Methods: A multicenter prospective cohort study was performed in three different hospitals in West China. Pre-eclampsia patients and healthy pregnant women were recruited from January 2023 to January 2024. Clinical information of included participants was collected, and serum BTM levels were detected by electrochemiluminescence immunoassay. Clinical outcomes including disease aggravation (severe pre-eclampsia, eclampsia, and HELLP syndrome), low live birth weight (LBW), and premature delivery were followed up.

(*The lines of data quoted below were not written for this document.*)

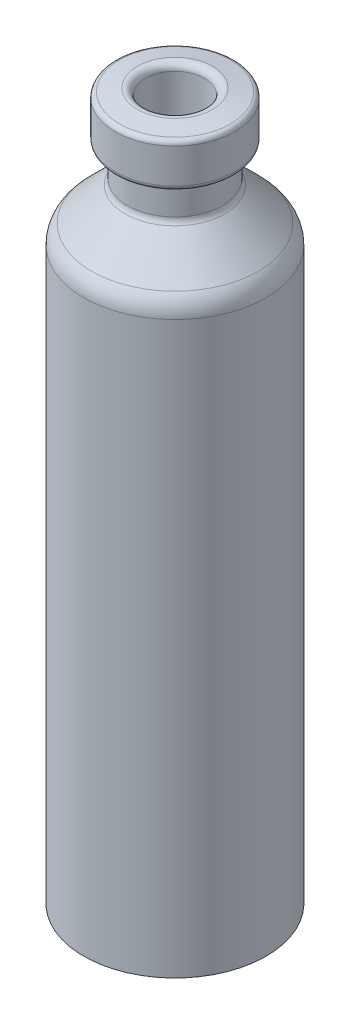
from build123d import *


with BuildPart() as part:
    # Sketch1 → Revolve1 (revolve)
    with BuildSketch(Plane(origin=(0, 0, 0), x_dir=(0, 0, -1), z_dir=(1, 0, 0))):
        with BuildLine():
            Line((0, 0), (0, 34.232769388))
            ThreePointArc((0, 34.232769388), (-0.123261782, 34.848597478), (-0.474055296, 35.369540484))
            Line((-0.474055296, 35.369540484), (-2.47685772, 37.353268599))
            ThreePointArc((-2.47685772, 37.353268599), (-2.586480693, 37.516063288), (-2.625, 37.708509566))
            Line((-2.625, 37.708509566), (-2.625, 39.175538739))
            ThreePointArc((-2.625, 39.175538739), (-2.563006002, 39.358167168), (-2.402645714, 39.465316487))
            Line((-2.402645714, 39.465316487), (-2.122354286, 39.540420349))
            ThreePointArc((-2.122354286, 39.540420349), (-1.961993998, 39.647569668), (-1.9, 39.830198096))
            Line((-1.9, 39.830198096), (-1.9, 41.902814528))
            ThreePointArc((-1.9, 41.902814528), (-1.968512625, 42.093637994), (-2.142757301, 42.197302683))
            Line((-2.142757301, 42.197302683), (-3.223676402, 42.407412072))
            ThreePointArc((-3.223676402, 42.407412072), (-3.554431288, 42.323411032), (-3.7, 42.014761198))
            Line((-3.7, 42.014761198), (-3.7, 37.365776148))
            ThreePointArc((-3.7, 37.365776148), (-3.661480693, 37.17332987), (-3.55185772, 37.010535181))
            Line((-3.55185772, 37.010535181), (-1.324055296, 34.803949923))
            ThreePointArc((-1.324055296, 34.803949923), (-0.973261782, 34.283006917), (-0.85, 33.667178827))
            Line((-0.85, 33.667178827), (-0.85, 0))
            Line((-0.85, 0), (0, 0))
        make_face()
    revolve(axis=Axis((0, 0, 5.475), (0, 1, 0)))


solid = part.part

Results: A total of 69 pre-eclampsia patients and 75 healthy pregnant women were recruited finally, and 48 pre-eclampsia patients and 48 healthy controls who matched for age and gestational weeks were selected among them. The pre-eclampsia patients had elevated BTM levels compared with healthy controls. ß-CTX was an independent risk factor for disease aggravation, LBW, and premature delivery among pre-eclampsia patients. ß-CTX was a valuable predictive factor for disease aggravation, LBW, and premature delivery among pre-eclampsia patients (AUC were 0.772, 0.768, and 0.930, respectively, and p values were 0.001, 0.002, and < 0.001, respectively).
Conclusion: Pre-eclampsia patients may have an activated bone metabolism status compared with healthy controls. Pre-eclampsia patients with elevated bone resorptive marker ß-CTX should pay more attention to the risk of disease aggravation and adverse pregnancy outcomes.